**Task brief**. Output only the lines below from the one containing "#36=CARTESIAN_POINT('',(0.,35.56,6.35));" to the one containing "#43=VECTOR('',#42,1.);", exactly as written, both ends kept.

** Provided records follows **

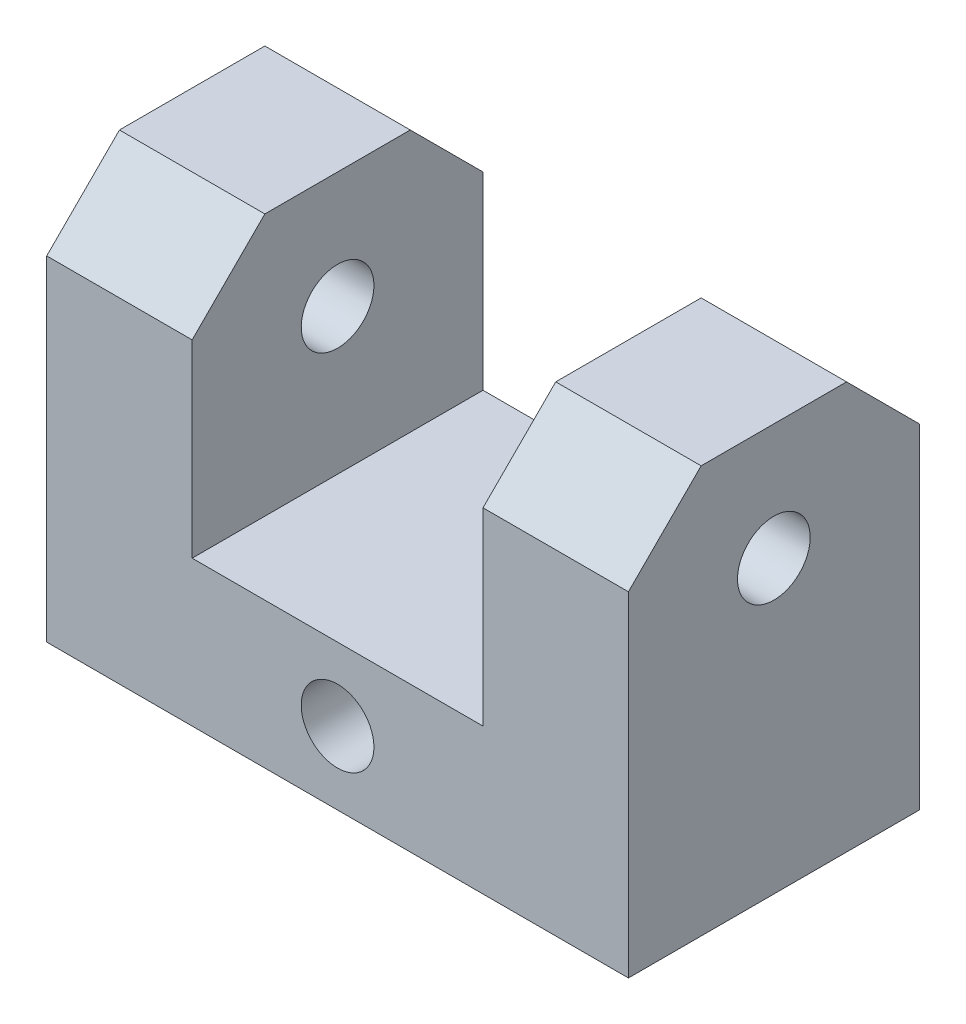
ISO-10303-21;
HEADER;
FILE_DESCRIPTION(('STEP AP214'),'2;1');
FILE_NAME('part.step','',(''),(''),'','','');
FILE_SCHEMA(('AUTOMOTIVE_DESIGN { 1 0 10303 214 1 1 1 1 }'));
ENDSEC;
DATA;
#1=APPLICATION_CONTEXT('core data for automotive mechanical design processes');
#2=APPLICATION_PROTOCOL_DEFINITION('international standard','automotive_design',2000,#1);
#3=PRODUCT_CONTEXT('',#1,'mechanical');
#4=PRODUCT('Part','Part','',(#3));
#5=PRODUCT_RELATED_PRODUCT_CATEGORY('part','',(#4));
#6=PRODUCT_DEFINITION_FORMATION('','',#4);
#7=PRODUCT_DEFINITION_CONTEXT('part definition',#1,'design');
#8=PRODUCT_DEFINITION('design','',#6,#7);
#9=PRODUCT_DEFINITION_SHAPE('','',#8);
#10=(LENGTH_UNIT() NAMED_UNIT(*) SI_UNIT(.MILLI.,.METRE.));
#11=(NAMED_UNIT(*) PLANE_ANGLE_UNIT() SI_UNIT($,.RADIAN.));
#12=(NAMED_UNIT(*) SI_UNIT($,.STERADIAN.) SOLID_ANGLE_UNIT());
#13=UNCERTAINTY_MEASURE_WITH_UNIT(LENGTH_MEASURE(1.E-05),#10,'distance_accuracy_value','');
#14=(GEOMETRIC_REPRESENTATION_CONTEXT(3) GLOBAL_UNCERTAINTY_ASSIGNED_CONTEXT((#13)) GLOBAL_UNIT_ASSIGNED_CONTEXT((#10,
#11,#12)) REPRESENTATION_CONTEXT('',''));
#15=CARTESIAN_POINT('',(0.,0.,0.));
#16=DIRECTION('',(0.,0.,1.));
#17=DIRECTION('',(1.,0.,0.));
#18=AXIS2_PLACEMENT_3D('',#15,#16,#17);
#19=CARTESIAN_POINT('',(0.,35.56,0.));
#20=DIRECTION('',(0.,-1.,0.));
#21=DIRECTION('',(0.,0.,-1.));
#22=AXIS2_PLACEMENT_3D('',#19,#20,#21);
#23=PLANE('',#22);
#24=DIRECTION('',(0.,0.,1.));
#25=VECTOR('',#24,1.);
#26=CARTESIAN_POINT('',(-25.4,35.56,-12.7));
#27=LINE('',#26,#25);
#28=CARTESIAN_POINT('',(-25.4,35.56,-6.34999999999999));
#29=VERTEX_POINT('',#28);
#30=CARTESIAN_POINT('',(-25.4,35.56,6.35));
#31=VERTEX_POINT('',#30);
#32=EDGE_CURVE('E166',#29,#31,#27,.T.);
#33=ORIENTED_EDGE('',*,*,#32,.T.);
#34=DIRECTION('',(1.,0.,0.));
#35=VECTOR('',#34,1.);
#36=CARTESIAN_POINT('',(0.,35.56,6.35));
#37=LINE('',#36,#35);
#38=CARTESIAN_POINT('',(-12.7,35.56,6.35));
#39=VERTEX_POINT('',#38);
#40=EDGE_CURVE('E198',#31,#39,#37,.T.);
#41=ORIENTED_EDGE('',*,*,#40,.T.);
#42=DIRECTION('',(0.,0.,1.));
#43=VECTOR('',#42,1.);
#44=CARTESIAN_POINT('',(-12.7,35.56,-12.7));
#45=LINE('',#44,#43);
#46=CARTESIAN_POINT('',(-12.7,35.56,-6.35));
#47=VERTEX_POINT('',#46);
#48=EDGE_CURVE('E154',#47,#39,#45,.T.);
#49=ORIENTED_EDGE('',*,*,#48,.F.);
#50=DIRECTION('',(-1.,0.,0.));
#51=VECTOR('',#50,1.);
#52=CARTESIAN_POINT('',(0.,35.56,-6.35));
#53=LINE('',#52,#51);
#54=EDGE_CURVE('E190',#47,#29,#53,.T.);
#55=ORIENTED_EDGE('',*,*,#54,.T.);
#56=EDGE_LOOP('',(#33,#41,#49,#55));
#57=FACE_BOUND('',#56,.T.);
#58=ADVANCED_FACE('F33',(#57),#23,.F.);
#59=CARTESIAN_POINT('',(-25.4,35.56,-12.7));
#60=DIRECTION('',(1.,0.,0.));
#61=DIRECTION('',(0.,0.,-1.));
#62=AXIS2_PLACEMENT_3D('',#59,#60,#61);
#63=PLANE('',#62);
#64=CARTESIAN_POINT('',(-25.4,25.4,0.));
#65=DIRECTION('',(1.,0.,0.));
#66=DIRECTION('',(0.,0.,-1.));
#67=AXIS2_PLACEMENT_3D('',#64,#65,#66);
#68=CIRCLE('',#67,3.175);
#69=CARTESIAN_POINT('',(-25.4,25.4,-3.17499999999999));
#70=VERTEX_POINT('',#69);
#71=EDGE_CURVE('E195',#70,#70,#68,.T.);
#72=ORIENTED_EDGE('',*,*,#71,.T.);
#73=EDGE_LOOP('',(#72));
#74=FACE_BOUND('',#73,.T.);
#75=DIRECTION('',(0.,-1.,0.));
#76=VECTOR('',#75,1.);
#77=CARTESIAN_POINT('',(-25.4,35.56,12.7));
#78=LINE('',#77,#76);
#79=CARTESIAN_POINT('',(-25.4,29.21,12.7));
#80=VERTEX_POINT('',#79);
#81=CARTESIAN_POINT('',(-25.4,0.,12.7));
#82=VERTEX_POINT('',#81);
#83=EDGE_CURVE('E188',#80,#82,#78,.T.);
#84=ORIENTED_EDGE('',*,*,#83,.F.);
#85=DIRECTION('',(0.,-0.707106781186549,0.707106781186546));
#86=VECTOR('',#85,1.);
#87=CARTESIAN_POINT('',(-25.4,35.56,6.35));
#88=LINE('',#87,#86);
#89=EDGE_CURVE('E211',#80,#31,#88,.F.);
#90=ORIENTED_EDGE('',*,*,#89,.T.);
#91=ORIENTED_EDGE('',*,*,#32,.F.);
#92=DIRECTION('',(0.,0.707106781186549,0.707106781186546));
#93=VECTOR('',#92,1.);
#94=CARTESIAN_POINT('',(-25.4,35.56,-6.34999999999999));
#95=LINE('',#94,#93);
#96=CARTESIAN_POINT('',(-25.4,29.21,-12.7));
#97=VERTEX_POINT('',#96);
#98=EDGE_CURVE('E209',#29,#97,#95,.F.);
#99=ORIENTED_EDGE('',*,*,#98,.T.);
#100=DIRECTION('',(0.,-1.,0.));
#101=VECTOR('',#100,1.);
#102=CARTESIAN_POINT('',(-25.4,35.56,-12.7));
#103=LINE('',#102,#101);
#104=CARTESIAN_POINT('',(-25.4,0.,-12.7));
#105=VERTEX_POINT('',#104);
#106=EDGE_CURVE('E172',#97,#105,#103,.T.);
#107=ORIENTED_EDGE('',*,*,#106,.T.);
#108=DIRECTION('',(0.,0.,1.));
#109=VECTOR('',#108,1.);
#110=CARTESIAN_POINT('',(-25.4,0.,-12.7));
#111=LINE('',#110,#109);
#112=EDGE_CURVE('E165',#105,#82,#111,.T.);
#113=ORIENTED_EDGE('',*,*,#112,.T.);
#114=EDGE_LOOP('',(#84,#90,#91,#99,#107,#113));
#115=FACE_BOUND('',#114,.T.);
#116=ADVANCED_FACE('F258',(#74,#115),#63,.F.);
#117=CARTESIAN_POINT('',(25.4,35.56,12.7));
#118=DIRECTION('',(0.,0.,-1.));
#119=DIRECTION('',(-1.,0.,0.));
#120=AXIS2_PLACEMENT_3D('',#117,#118,#119);
#121=PLANE('',#120);
#122=CARTESIAN_POINT('',(0.,6.35,12.7));
#123=DIRECTION('',(0.,0.,-1.));
#124=DIRECTION('',(-1.,0.,0.));
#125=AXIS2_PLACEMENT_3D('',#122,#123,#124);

** End of Provided records **

**Output for this exercise**.
#36=CARTESIAN_POINT('',(0.,35.56,6.35));
#37=LINE('',#36,#35);
#38=CARTESIAN_POINT('',(-12.7,35.56,6.35));
#39=VERTEX_POINT('',#38);
#40=EDGE_CURVE('E198',#31,#39,#37,.T.);
#41=ORIENTED_EDGE('',*,*,#40,.T.);
#42=DIRECTION('',(0.,0.,1.));
#43=VECTOR('',#42,1.);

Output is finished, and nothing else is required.